In molti, infatti, credono che il Molise sia eccessivamente a sud, decentrato rispetto agli altri stabilimenti, e che la gigafactory italiana sconterebbe l’arretramento della rete infrastrutturale del paese. Anche questa volta si può notare, persino nell’ordine di insediamento delle linee di produzione, la gerarchia della costruzione unitaria europea.
Così come si nota il tentativo di tornare al passo della competizione internazionale nel settore dell’automotive elettrico. L’Europa punta a essere la regione a più rapida crescita per la capacità di fabbricazione delle batterie per veicoli elettrici, tolta la Cina.
Questo progetto strategico si fonda, appunto, su una joint venture di tre delle più grandi compagnie su base continentale, riunite in ACC. Un evidente esempio di come la prospettiva di sviluppo di campioni europei che possano competere con Washington e Pechino rimanga salda nelle menti della classe dominante europea.
E non siamo noi a dirlo, ma lo stesso ministro dell’Economia francese, Bruno Le Maire. A margine dell’inaugurazione dello stabilimento di Douvrin, ha infatti affermato in maniera netta come “l’Euro7 sia inutile”, con il nostro ministro del made in Italy Adolfo Urso che lo ha seguito in questa valutazione.
Per il politico francese sono soldi ed energie sprecati quelli messi su una normativa per gli standard dei motori endotermici, che i produttori statunitensi e cinesi non hanno e che comunque vedranno lo stop nel 2035. Tutti gli investimenti devono andare all’elettrico.

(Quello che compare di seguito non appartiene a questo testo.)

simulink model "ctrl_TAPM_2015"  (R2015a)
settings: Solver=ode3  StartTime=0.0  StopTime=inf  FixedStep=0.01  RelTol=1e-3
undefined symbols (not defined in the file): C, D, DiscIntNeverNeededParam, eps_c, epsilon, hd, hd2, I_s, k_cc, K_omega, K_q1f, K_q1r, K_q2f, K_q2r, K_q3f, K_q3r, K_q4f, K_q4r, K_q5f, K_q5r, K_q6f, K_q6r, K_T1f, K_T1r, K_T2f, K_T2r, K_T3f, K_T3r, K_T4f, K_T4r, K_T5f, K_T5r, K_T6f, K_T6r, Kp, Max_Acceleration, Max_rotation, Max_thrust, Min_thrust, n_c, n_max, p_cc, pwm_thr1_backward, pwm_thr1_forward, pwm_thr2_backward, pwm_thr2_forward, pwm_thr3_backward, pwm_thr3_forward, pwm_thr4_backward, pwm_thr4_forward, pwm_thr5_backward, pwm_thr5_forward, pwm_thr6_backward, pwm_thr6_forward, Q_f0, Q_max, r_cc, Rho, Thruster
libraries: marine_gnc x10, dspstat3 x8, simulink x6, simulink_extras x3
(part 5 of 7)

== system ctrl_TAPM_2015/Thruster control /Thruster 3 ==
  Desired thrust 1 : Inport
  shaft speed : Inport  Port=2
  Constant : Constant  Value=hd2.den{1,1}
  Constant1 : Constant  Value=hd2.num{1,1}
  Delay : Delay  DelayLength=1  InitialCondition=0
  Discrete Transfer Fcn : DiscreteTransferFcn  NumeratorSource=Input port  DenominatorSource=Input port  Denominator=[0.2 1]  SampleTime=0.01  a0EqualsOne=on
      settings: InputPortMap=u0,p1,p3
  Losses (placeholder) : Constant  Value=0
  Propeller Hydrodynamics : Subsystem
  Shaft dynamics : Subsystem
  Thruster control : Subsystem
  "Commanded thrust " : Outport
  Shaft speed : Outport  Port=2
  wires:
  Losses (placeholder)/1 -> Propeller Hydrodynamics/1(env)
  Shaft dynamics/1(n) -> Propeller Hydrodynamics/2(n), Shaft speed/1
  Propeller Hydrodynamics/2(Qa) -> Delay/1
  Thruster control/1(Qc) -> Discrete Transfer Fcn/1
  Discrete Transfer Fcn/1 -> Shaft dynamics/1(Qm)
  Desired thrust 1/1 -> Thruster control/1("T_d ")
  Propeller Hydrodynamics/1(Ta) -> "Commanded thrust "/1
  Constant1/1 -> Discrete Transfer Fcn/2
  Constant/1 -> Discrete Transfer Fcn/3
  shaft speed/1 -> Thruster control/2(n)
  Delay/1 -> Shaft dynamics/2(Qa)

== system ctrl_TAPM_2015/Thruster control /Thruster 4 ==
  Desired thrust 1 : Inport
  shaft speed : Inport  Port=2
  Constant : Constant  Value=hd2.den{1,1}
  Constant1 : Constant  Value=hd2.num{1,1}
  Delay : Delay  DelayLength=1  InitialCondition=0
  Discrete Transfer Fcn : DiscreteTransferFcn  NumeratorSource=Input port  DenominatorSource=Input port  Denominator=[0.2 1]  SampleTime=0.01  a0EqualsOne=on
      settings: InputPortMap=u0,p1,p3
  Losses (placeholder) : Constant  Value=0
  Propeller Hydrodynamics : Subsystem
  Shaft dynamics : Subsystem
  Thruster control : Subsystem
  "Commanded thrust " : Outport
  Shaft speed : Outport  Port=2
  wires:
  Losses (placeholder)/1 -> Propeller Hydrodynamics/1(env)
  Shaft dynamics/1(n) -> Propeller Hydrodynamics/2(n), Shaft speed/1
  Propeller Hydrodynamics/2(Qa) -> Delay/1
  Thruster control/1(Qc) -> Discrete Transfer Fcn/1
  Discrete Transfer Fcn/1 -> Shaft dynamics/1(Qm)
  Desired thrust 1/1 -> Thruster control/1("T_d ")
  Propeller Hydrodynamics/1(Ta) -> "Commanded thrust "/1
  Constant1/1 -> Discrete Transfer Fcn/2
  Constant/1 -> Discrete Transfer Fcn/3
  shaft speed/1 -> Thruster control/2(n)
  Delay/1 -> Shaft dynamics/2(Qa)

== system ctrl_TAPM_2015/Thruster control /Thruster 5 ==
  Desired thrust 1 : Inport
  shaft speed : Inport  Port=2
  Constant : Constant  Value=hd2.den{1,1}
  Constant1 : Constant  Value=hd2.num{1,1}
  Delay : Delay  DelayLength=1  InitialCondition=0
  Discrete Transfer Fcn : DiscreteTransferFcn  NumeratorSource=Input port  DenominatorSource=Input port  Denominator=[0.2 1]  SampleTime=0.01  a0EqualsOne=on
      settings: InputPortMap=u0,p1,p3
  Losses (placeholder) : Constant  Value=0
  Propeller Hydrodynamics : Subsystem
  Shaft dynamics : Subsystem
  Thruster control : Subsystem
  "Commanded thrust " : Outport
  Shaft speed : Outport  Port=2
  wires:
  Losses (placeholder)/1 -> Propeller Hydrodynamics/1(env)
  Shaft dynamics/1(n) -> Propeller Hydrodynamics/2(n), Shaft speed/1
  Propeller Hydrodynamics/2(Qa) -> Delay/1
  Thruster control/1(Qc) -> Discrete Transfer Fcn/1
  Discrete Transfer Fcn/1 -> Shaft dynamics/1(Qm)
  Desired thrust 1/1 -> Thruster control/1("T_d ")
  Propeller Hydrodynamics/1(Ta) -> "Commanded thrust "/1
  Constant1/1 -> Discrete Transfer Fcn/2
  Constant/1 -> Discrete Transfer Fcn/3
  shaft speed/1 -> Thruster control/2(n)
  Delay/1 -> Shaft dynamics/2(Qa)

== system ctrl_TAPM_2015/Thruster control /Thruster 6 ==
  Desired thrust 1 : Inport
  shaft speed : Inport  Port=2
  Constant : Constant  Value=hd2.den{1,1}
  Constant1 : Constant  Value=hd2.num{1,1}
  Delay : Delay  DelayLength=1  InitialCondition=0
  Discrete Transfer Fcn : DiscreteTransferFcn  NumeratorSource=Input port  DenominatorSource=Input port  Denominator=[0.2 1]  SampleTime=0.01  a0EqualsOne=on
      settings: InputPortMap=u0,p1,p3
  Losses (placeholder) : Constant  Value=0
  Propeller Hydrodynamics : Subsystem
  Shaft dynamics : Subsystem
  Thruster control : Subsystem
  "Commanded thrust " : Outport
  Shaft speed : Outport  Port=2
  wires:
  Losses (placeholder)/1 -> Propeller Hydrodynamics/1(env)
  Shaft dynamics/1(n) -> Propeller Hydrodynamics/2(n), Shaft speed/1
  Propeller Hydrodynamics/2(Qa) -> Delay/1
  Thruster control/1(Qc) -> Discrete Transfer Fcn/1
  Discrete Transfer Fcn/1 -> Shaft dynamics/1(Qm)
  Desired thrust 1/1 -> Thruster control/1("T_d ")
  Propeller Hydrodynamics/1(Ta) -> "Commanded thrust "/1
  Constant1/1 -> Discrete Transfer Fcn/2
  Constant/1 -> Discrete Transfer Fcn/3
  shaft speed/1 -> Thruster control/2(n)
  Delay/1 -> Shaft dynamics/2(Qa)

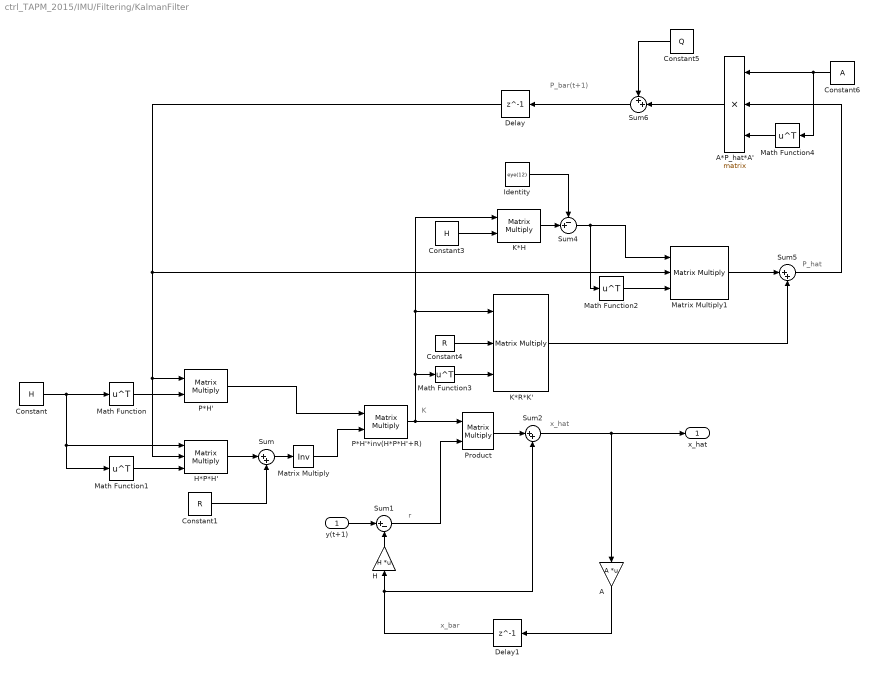
== system ctrl_TAPM_2015/IMU/Filtering/KalmanFilter ==
  note: P_bar(t+1)
  note: P_hat
  note: x_hat
  note: x_bar
  note: r
  note: K
  y(t+1) : Inport
  A : Gain  Gain=A  Multiplication=Matrix(K*u)
  A*P_hat*A' : Product  Inputs=3  Multiplication=Matrix(*)
  Constant : Constant  Value=H
  Constant1 : Constant  Value=R
  Constant3 : Constant  Value=H
  Constant4 : Constant  Value=R
  Constant5 : Constant  Value=Q
  Constant6 : Constant  Value=A
  Delay : Delay  DelayLength=1  InitialCondition=eye(12)
  Delay1 : Delay  DelayLength=1  InitialCondition=[0 0 0 0 0 0 0 0 0 0 0 0]
  H : Gain  Gain=H  Multiplication=Matrix(K*u)
  H*P*H' : Product  Inputs=3  Multiplication=Matrix(*)
  Identity : Constant  Value=eye(12)
  K*H : Product  Multiplication=Matrix(*)
  K*R*K' : Product  Inputs=3  Multiplication=Matrix(*)
  Math Function{,1..4} (5 alike) : Math  Operator=transpose  SaturateOnIntegerOverflow=on
  Matrix Multiply : Product  Inputs=/  Multiplication=Matrix(*)
  Matrix Multiply1 : Product  Inputs=3  Multiplication=Matrix(*)
  P*H' : Product  Multiplication=Matrix(*)
  P*H'*inv(H*P*H'+R) : Product  Multiplication=Matrix(*)
  Product : Product  Multiplication=Matrix(*)
  Sum : Sum  Inputs=|++
  Sum1 : Sum  Inputs=|+-
  Sum2 : Sum  Inputs=|++
  Sum4 : Sum  Inputs=-+|
  Sum5 : Sum  Inputs=|++
  Sum6 : Sum  Inputs=++|
  x_hat : Outport
  wires:
  Constant/1 -> Math Function1/1, H*P*H'/1, Math Function/1
  Math Function/1 -> P*H'/2
  Math Function1/1 -> H*P*H'/3
  H*P*H'/1 -> Sum/1
  Constant1/1 -> Sum/2
  Sum/1 -> Matrix Multiply/1
  Matrix Multiply/1 -> P*H'*inv(H*P*H'+R)/2
  P*H'/1 -> P*H'*inv(H*P*H'+R)/1
  y(t+1)/1 -> Sum1/1
  H/1 -> Sum1/2
  Delay1/1 -> Sum2/2, H/1
  Sum1/1 -> Product/2
  P*H'*inv(H*P*H'+R)/1 -> K*H/1, K*R*K'/1, Math Function3/1, Product/1
  Product/1 -> Sum2/1
  Sum2/1 -> A/1, x_hat/1
  A/1 -> Delay1/1
  Identity/1 -> Sum4/1
  K*H/1 -> Sum4/2
  Constant3/1 -> K*H/2
  Sum4/1 -> Math Function2/1, Matrix Multiply1/1
  Math Function2/1 -> Matrix Multiply1/3
  Constant4/1 -> K*R*K'/2
  Math Function3/1 -> K*R*K'/3
  K*R*K'/1 -> Sum5/2
  Matrix Multiply1/1 -> Sum5/1
  Sum5/1 -> A*P_hat*A'/2
  Sum6/1 -> Delay/1
  Constant5/1 -> Sum6/1
  A*P_hat*A'/1 -> Sum6/2
  Constant6/1 -> Math Function4/1, A*P_hat*A'/1
  Math Function4/1 -> A*P_hat*A'/3
  Delay/1 -> H*P*H'/2, P*H'/1, Matrix Multiply1/2

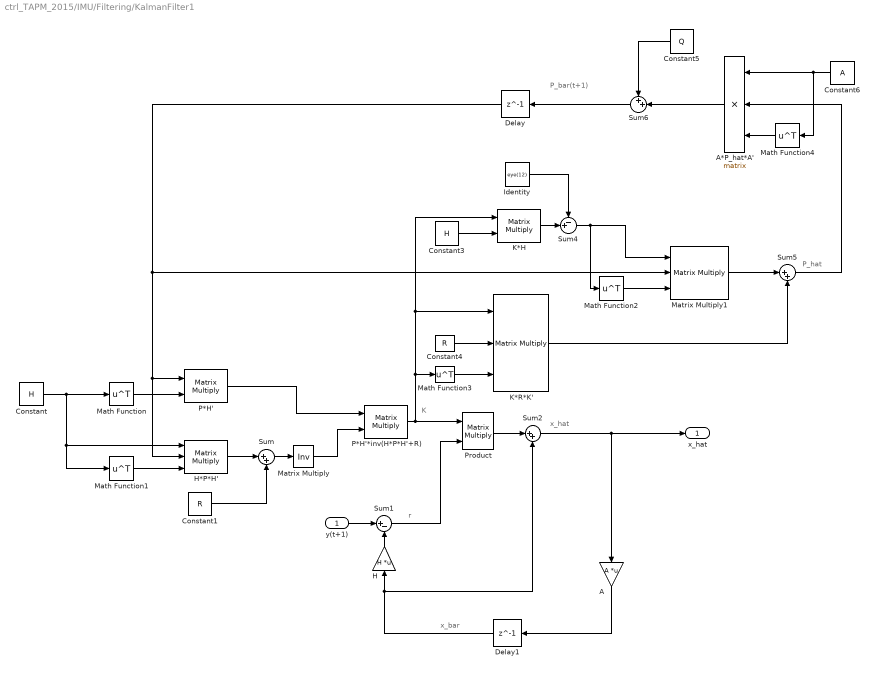
== system ctrl_TAPM_2015/IMU/Filtering/KalmanFilter1 ==
  note: P_bar(t+1)
  note: P_hat
  note: x_hat
  note: x_bar
  note: r
  note: K
  y(t+1) : Inport
  A : Gain  Gain=A  Multiplication=Matrix(K*u)
  A*P_hat*A' : Product  Inputs=3  Multiplication=Matrix(*)
  Constant : Constant  Value=H
  Constant1 : Constant  Value=R
  Constant3 : Constant  Value=H
  Constant4 : Constant  Value=R
  Constant5 : Constant  Value=Q
  Constant6 : Constant  Value=A
  Delay : Delay  DelayLength=1  InitialCondition=eye(12)
  Delay1 : Delay  DelayLength=1  InitialCondition=[0 0 0 0 0 0 0 0 0 0 0 0]
  H : Gain  Gain=H  Multiplication=Matrix(K*u)
  H*P*H' : Product  Inputs=3  Multiplication=Matrix(*)
  Identity : Constant  Value=eye(12)
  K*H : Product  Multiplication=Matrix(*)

Le Maire ha persino detto che la UE “deve mostrare i muscoli” attraverso dazi per proteggere la propria industria. “Dobbiamo affrontare la sfida cinese che non ci farà nessun regalo soprattutto su auto, aerei e razzi spaziali. Dobbiamo reindustrializzare l’Europa e difendere i nostri campioni, le nostre competenze e i nostri posti di lavoro”.
“Per la prima volta dopo Airbus, l’Europa crea una nuova filiera”. Non è un caso che il ministro d’Oltralpe abbia citato il colosso continentale degli aeromobili, «prototipo» del campione europeo appunto.
In queste parole si legge chiaramente la volontà di legittimare la spinta sull’acceleratore della competizione internazionale attraverso la promessa della crescita dell’occupazione e dei redditi. È la trasposizione di oggi della logica dell’imperialismo, che irretisce alcuni strati dei lavoratori del centro imperialista con condizioni di vita nettamente migliori delle periferie.
Ma oltre al fatto che già nei numeri esposti vediamo che non sarà facile invertire la rotta della deindustrializzazione, il capitale va dove gli conviene. Il numero uno di Stellantis, Carlos Tavares, ha sì detto che si vuole produrre in Europa quasi un quarto delle celle per batterie, ma anche che si prospetta la creazione di altre quattro gigafactory tra Canada e Stati Uniti.
Un intreccio di interessi economici e di contrasti strategici tra cui il Blocco Euroatlantico dovrà giostrarsi per tenere la barra dritta di fronte al – per noi auspicabile – prender piede del mondo multipolare.